Extracted information:
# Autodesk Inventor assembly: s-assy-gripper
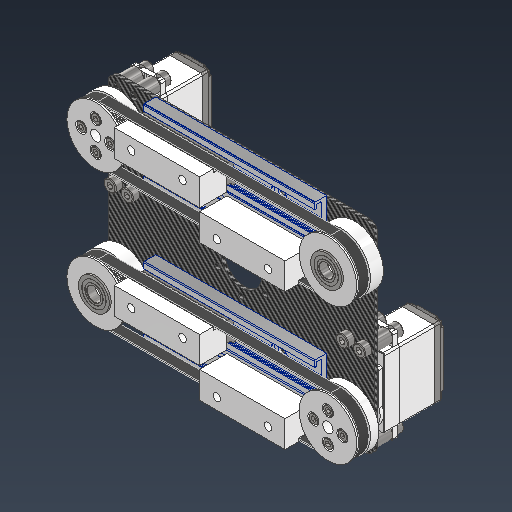
[picture p0: Inventor's stored thumbnail of the model, 512x512]
Saved by Autodesk Inventor 2021 (Build 250183000, 183)
## iProperties
Created: 2021-08-06
Part Number: s-assy-gripper
Document SubType Name: Assembly
Designer: yuta0
Mass: 234.241 g
Surface Area: 929.587 cm^2
Volume: 118.773 cm^3
Density: 1.97217 g/cm^3
Author: yuta0
## Documents named in this file (14)
- C:\Users\yuta0\Documents\GitHub\catchrobo_hardware\catchrobo_robot\s-assy-gripper.iam
- C:\Users\yuta0\Documents\GitHub\catchrobo_hardware\catchrobo_robot\carbon_plate14.ipt
- C:\Users\yuta0\Downloads\新しいフォルダー\MG_996R.iam
- C:\Users\yuta0\Downloads\新しいフォルダー\mrs20-100.ipt
- C:\Users\yuta0\Downloads\新しいフォルダー\mr-20cs_1.iam
- C:\Users\yuta0\Documents\GitHub\catchrobo_hardware\catchrobo_robot\base35.ipt
- C:\Users\yuta0\Documents\GitHub\catchrobo_hardware\catchrobo_robot\belt4.ipt
- C:\Users\yuta0\Documents\GitHub\catchrobo_hardware\catchrobo_robot\base36.ipt
- C:\Users\yuta0\Documents\GitHub\catchrobo_hardware\catchrobo_robot\FL688ZZ.ipt
- C:\Users\yuta0\Documents\GitHub\catchrobo_hardware\catchrobo_robot\ARF-410E.ipt
- C:\Users\yuta0\Documents\GitHub\catchrobo_hardware\catchrobo_robot\CB4-6.ipt
- C:\Users\yuta0\Documents\GitHub\catchrobo_hardware\catchrobo_robot\CC-0814-05.ipt
- C:\Users\yuta0\Desktop\lab\gripper_adapter-20201120T022136Z-001\gripper_adapter\CB3-12.ipt
- C:\Users\yuta0\Documents\GitHub\catchrobo_hardware\catchrobo_robot\base37.ipt
## Components (55 placed, 13 different names)
1. carbon_plate14:1 — メイト:1, メイト:2, メイト:3, メイト:11, メイト:12, メイト:16, メイト:27, メイト:33, メイト:36, メイト:37
2. FL688ZZ:2 — メイト:29, メイト:30, メイト:39
3. FL688ZZ:1 — メイト:26, メイト:27, メイト:28, メイト:38
4. base36:1 — メイト:24, メイト:25, メイト:26, メイト:28, メイト:29, メイト:30
5. belt4:1 — メイト:20, メイト:21, メイト:24, メイト:25
6. mr-20cs_1:2 [sub-assembly] — フラッシュ:2, メイト:31, フラッシュ:3, メイト:48, メイト:49, メイト:50
7. mr-20cs_1:1 [sub-assembly] — メイト:7, メイト:8, フラッシュ:1, フラッシュ:2, メイト:45, メイト:46, メイト:47
8. base35:1 — メイト:17, メイト:18, メイト:19, メイト:20, メイト:21, メイト:43, メイト:44
9. MG_996R:1 [sub-assembly] — メイト:11, メイト:12, メイト:16, メイト:17, メイト:18, メイト:19, メイト:32, メイト:34, メイト:35
10. CC-0814-05:1 — メイト:38, メイト:39
11. base37:1 — メイト:45, メイト:46, メイト:47
12. base37:2 — メイト:48, メイト:49, メイト:50
13. FL688ZZ:3
14. FL688ZZ:4
15. base36:2
16. belt4:2
17. mr-20cs_1:3 [sub-assembly]
18. mr-20cs_1:4 [sub-assembly]
19. base35:2
20. MG_996R:2 [sub-assembly]
21. CC-0814-05:2
22. base37:3
23. base37:4
24. mrs20-100:1 — メイト:1, メイト:2, メイト:3, メイト:7, メイト:8, フラッシュ:1
25. mrs20-100:2 — メイト:31, フラッシュ:3
26. ARF-410E:1 — メイト:32, メイト:33
27. CB4-6:1 — メイト:34, メイト:35
28. ARF-410E:2
29. CB4-6:2
30. ARF-410E:3
31. CB4-6:3
32. ARF-410E:4
33. CB4-6:4
34. CB4-6:5 — メイト:36, メイト:37
35. CB4-6:6
36. CB3-12:1 — メイト:43, メイト:44
37. CB3-12:2
38. CB3-12:3
39. CB3-12:4
40. mrs20-100:3
41. mrs20-100:4
42. ARF-410E:5
43. CB4-6:7
44. ARF-410E:6
45. CB4-6:8
46. ARF-410E:7
47. CB4-6:9
48. ARF-410E:8
49. CB4-6:10
50. CB4-6:11
51. CB4-6:12
52. CB3-12:5
53. CB3-12:6
54. CB3-12:7
55. CB3-12:8
## Component patterns: (2 elements, first: FL688ZZ:2 + FL688ZZ:1 + base36:1 + belt4:1 + mr-20cs_1:2 + mr-20cs_1:1 + base35:1 + MG_996R:1 + CC-0814-05:1 + base37:1 + base37:2), (2 elements, first: mrs20-100:1), (4 elements, first: ARF-410E:1 + CB4-6:1), (2 elements, first: CB4-6:5), (4 elements, first: CB3-12:1), コンポーネント パターン 4:2 (2 elements), コンポーネント パターン 5:2 (4 elements), コンポーネント パターン 7:2 (2 elements), コンポーネント パターン 8:2 (4 elements)
## Relationships (40: Mate 37, Flush 3)
- メイト:1 [Mate]: carbon_plate14:1 ↔ mrs20-100:1
- メイト:2 [Mate]: carbon_plate14:1 ↔ mrs20-100:1
- メイト:3 [Mate]: carbon_plate14:1 ↔ mrs20-100:1
- メイト:7 [Mate] (0.1 mm): mr-20cs_1:1 ↔ mrs20-100:1
- メイト:8 [Mate] (0.15 mm): mr-20cs_1:1 ↔ mrs20-100:1
- フラッシュ:1 [Flush]: mr-20cs_1:1 ↔ mrs20-100:1
- メイト:11 [Mate]: carbon_plate14:1 ↔ MG_996R:1
- メイト:12 [Mate]: carbon_plate14:1 ↔ MG_996R:1
- メイト:16 [Mate] (10 mm): carbon_plate14:1 ↔ MG_996R:1
- メイト:17 [Mate]: base35:1 ↔ MG_996R:1
- メイト:18 [Mate]: base35:1 ↔ MG_996R:1
- メイト:19 [Mate]: base35:1 ↔ MG_996R:1
- メイト:20 [Mate]: belt4:1 ↔ base35:1
- メイト:21 [Mate] (0.5 mm): belt4:1 ↔ base35:1
- メイト:24 [Mate]: base36:1 ↔ belt4:1
- メイト:25 [Mate] (0.5 mm): base36:1 ↔ belt4:1
- メイト:26 [Mate]: FL688ZZ:1 ↔ base36:1
- メイト:27 [Mate]: carbon_plate14:1 ↔ FL688ZZ:1
- メイト:28 [Mate]: FL688ZZ:1 ↔ base36:1
- メイト:29 [Mate]: FL688ZZ:2 ↔ base36:1
- メイト:30 [Mate]: FL688ZZ:2 ↔ base36:1
- フラッシュ:2 [Flush]: mr-20cs_1:2 ↔ mr-20cs_1:1
- メイト:31 [Mate] (0.1 mm): mr-20cs_1:2 ↔ mrs20-100:2
- フラッシュ:3 [Flush]: mr-20cs_1:2 ↔ mrs20-100:2
- メイト:32 [Mate]: MG_996R:1 ↔ ARF-410E:1
- メイト:33 [Mate]: carbon_plate14:1 ↔ ARF-410E:1
- メイト:34 [Mate]: MG_996R:1 ↔ CB4-6:1
- メイト:35 [Mate]: MG_996R:1 ↔ CB4-6:1
- メイト:36 [Mate]: carbon_plate14:1 ↔ CB4-6:5
- メイト:37 [Mate]: carbon_plate14:1 ↔ CB4-6:5
- メイト:38 [Mate]: FL688ZZ:1 ↔ CC-0814-05:1
- メイト:39 [Mate]: FL688ZZ:2 ↔ CC-0814-05:1
- メイト:43 [Mate]: base35:1 ↔ CB3-12:1
- メイト:44 [Mate]: base35:1 ↔ CB3-12:1
- メイト:45 [Mate]: mr-20cs_1:1 ↔ base37:1
- メイト:46 [Mate]: mr-20cs_1:1 ↔ base37:1
- メイト:47 [Mate]: mr-20cs_1:1 ↔ base37:1
- メイト:48 [Mate]: mr-20cs_1:2 ↔ base37:2
- メイト:49 [Mate]: mr-20cs_1:2 ↔ base37:2
- メイト:50 [Mate]: mr-20cs_1:2 ↔ base37:2

Work item:
Above are the records; from them, give again exactly the lines from the one containing "38. CB3-12:3" to the one containing "55. CB3-12:8", both lines included, and nothing more.

Expected answer:
38. CB3-12:3
39. CB3-12:4
40. mrs20-100:3
41. mrs20-100:4
42. ARF-410E:5
43. CB4-6:7
44. ARF-410E:6
45. CB4-6:8
46. ARF-410E:7
47. CB4-6:9
48. ARF-410E:8
49. CB4-6:10
50. CB4-6:11
51. CB4-6:12
52. CB3-12:5
53. CB3-12:6
54. CB3-12:7
55. CB3-12:8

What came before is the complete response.